Friday, August 1, 2014
A portrait of my ex-neighbors' fierce little dog. Zoe is a biter but just before I moved away we became pals, or at least I wasn't bitten when I petted her. I've moved to a very hot area so my paint dries extremely fast. It's almost like working with watercolor. I have to know what I intend and do it decisively or the paint starts setting up and becomes unworkable. But with acrylic at least I can do some painting over as long as it doesn't get too thick. So considering the new variables in my working procedures, I am happy with the results and hopefully Zoe won't feed on me out the next time I see her.
Monday, May 19, 2014
This was created as an entry for this year's Marin County Fair. They have a dizzying number of categories and this one was for work no larger than 6"x6" so strangely enough, its dimensions are 6"x6". I've done another smaller work using this same cup so I had that painting beside me as I worked.
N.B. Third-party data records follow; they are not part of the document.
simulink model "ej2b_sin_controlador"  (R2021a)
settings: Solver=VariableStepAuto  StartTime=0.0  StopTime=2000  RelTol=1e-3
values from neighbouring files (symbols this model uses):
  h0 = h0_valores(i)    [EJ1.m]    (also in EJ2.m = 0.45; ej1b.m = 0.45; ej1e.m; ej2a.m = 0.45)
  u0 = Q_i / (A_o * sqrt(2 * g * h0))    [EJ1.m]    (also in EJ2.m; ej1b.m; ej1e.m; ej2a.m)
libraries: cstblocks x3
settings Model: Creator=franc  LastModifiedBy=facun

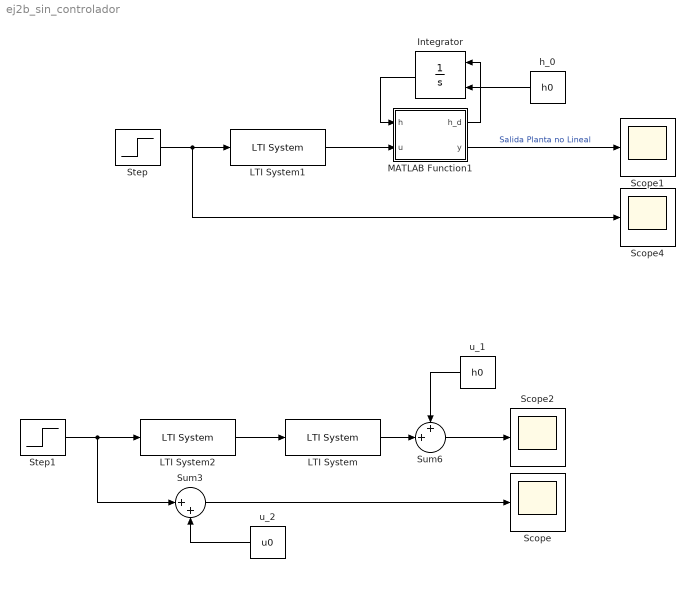
== system ej2b_sin_controlador ==
  Integrator : Integrator  InitialConditionSource=external
  LTI System : cstblocks/LTI System  sys=Pmp  IC=[]
  LTI System1 : cstblocks/LTI System  sys=1  IC=[]
  LTI System2 : cstblocks/LTI System  sys=1  IC=[]
  MATLAB Function1 : MATLAB Function  TreatAsAtomicUnit=on
  Scope{,1..2,4} (4 alike) : Scope
  Step : Step  Time=100  Before=u0  After=1.1*u0  SampleTime=0
  Step1 : Step  Time=100  After=0.05  SampleTime=0
  Sum3 : Sum  Inputs=|++
  Sum6 : Sum  Inputs=++|
  h_0 : Constant  Value=h0
  u_1 : Constant  Value=h0
  u_2 : Constant  Value=u0
  wires:
  MATLAB Function1/2(y) -> Scope1/1  "Salida Planta no Lineal"
  MATLAB Function1/1(h_d) -> Integrator/1
  h_0/1 -> Integrator/2
  Step1/1 -> LTI System2/1, Sum3/1
  Step/1 -> Scope4/1, LTI System1/1
  LTI System1/1 -> MATLAB Function1/2(u)
  u_1/1 -> Sum6/1
  LTI System2/1 -> LTI System/1
  Sum6/1 -> Scope2/1
  LTI System/1 -> Sum6/2
  u_2/1 -> Sum3/2
  Integrator/1 -> MATLAB Function1/1(h)
  Sum3/1 -> Scope/1

== matlab function ej2b_sin_controlador/MATLAB Function1 ==
  data: h input; h_d output; u input; y output
function [h_d, y] = fcn(h, u)
    g = 9.8;        %En metros sobre segundo cuadrado
    H = 0.9;        %En metros
    L_s = 0.4;      %En metros
    L_i = 0.1;      %En metros
    d2 = 10.65e-3;
    Q_i = 0.0001333; %Metros cubicos por segundo 
    A_o = pi * (d2 / 2)^2;
    h_d = (H^2 * (Q_i - A_o * sqrt(2*g*h)*u))/(h^2*(L_s-L_i)^2 + 2*h*L_i*(L_s-L_i)*H+L_i^2*H^2);
    y = h;
end

It's interesting to have a related work done 3 or 4 years ago to see how my process has either changed or remained the same. For the most part, I think I've gotten better, maybe a little looser, which is something for which I have been striving. This also retains a little more of the qualities of a drawing.
I won the miniature category a couple years ago so I'm looking forward to seeing how I do this year. Interestingly, one of the judges is someone I went to art school with. It was so long ago I doubt that he'd remember me or my work since we weren't close and I don't think they see artist entry form.
Tuesday, March 4, 2014
A gift for my niece's birthday--a portrait of her nutty chihuahua Rosita, post cancer surgery and minus two teeth. This piece is tiny--4"x4" and painted on a wood panel so the size and surface were a challenge. Wood is relatively non-porous so whatever you do sits on the surface as opposed to canvas or paper that will absorb paint in a little. It's more difficult to use my usual wash blending techniques as a wash will dry with a hard edge, so I needed to do more dry brushing than usual. There isn't much room for detail in something this size with the exception of the eyes, which are relatively ginormous. I was using my other niece's excellent photo so there was great reference to work from and I got a little lost in all the eye detail. Can't imagine doing this head much bigger. I'd get sucked into those eyes and never make it back out!
Thursday, February 20, 2014
Just finished this painting. The obvious challenge of painting Bingo was all the curly hair. A short-haired animal is easier because the anatomical shapes are readily seen and light and darkness define the contours. But a lot of hair disguises the body shape and throws light all over the place. Eyes are always an important detail and his eyes blend into the shadows and hair color so I had to create a very light photo reference to work from and there still wasn't much detail, so I had to emphasize what I could see.
As always, each painting is another step in the lifelong learning curve of being a painter. There's always points where I start wishing there was sat nav for artists to find their way through a painting. My method of dealing with getting lost is to take a break and do something totally different and come back to it or look at it in a mirror or upside down. Sometimes taking a picture of it helps, just anything to see it differently. Despite some moments of freaking out I'm pretty chuffed with how Bingo turned out.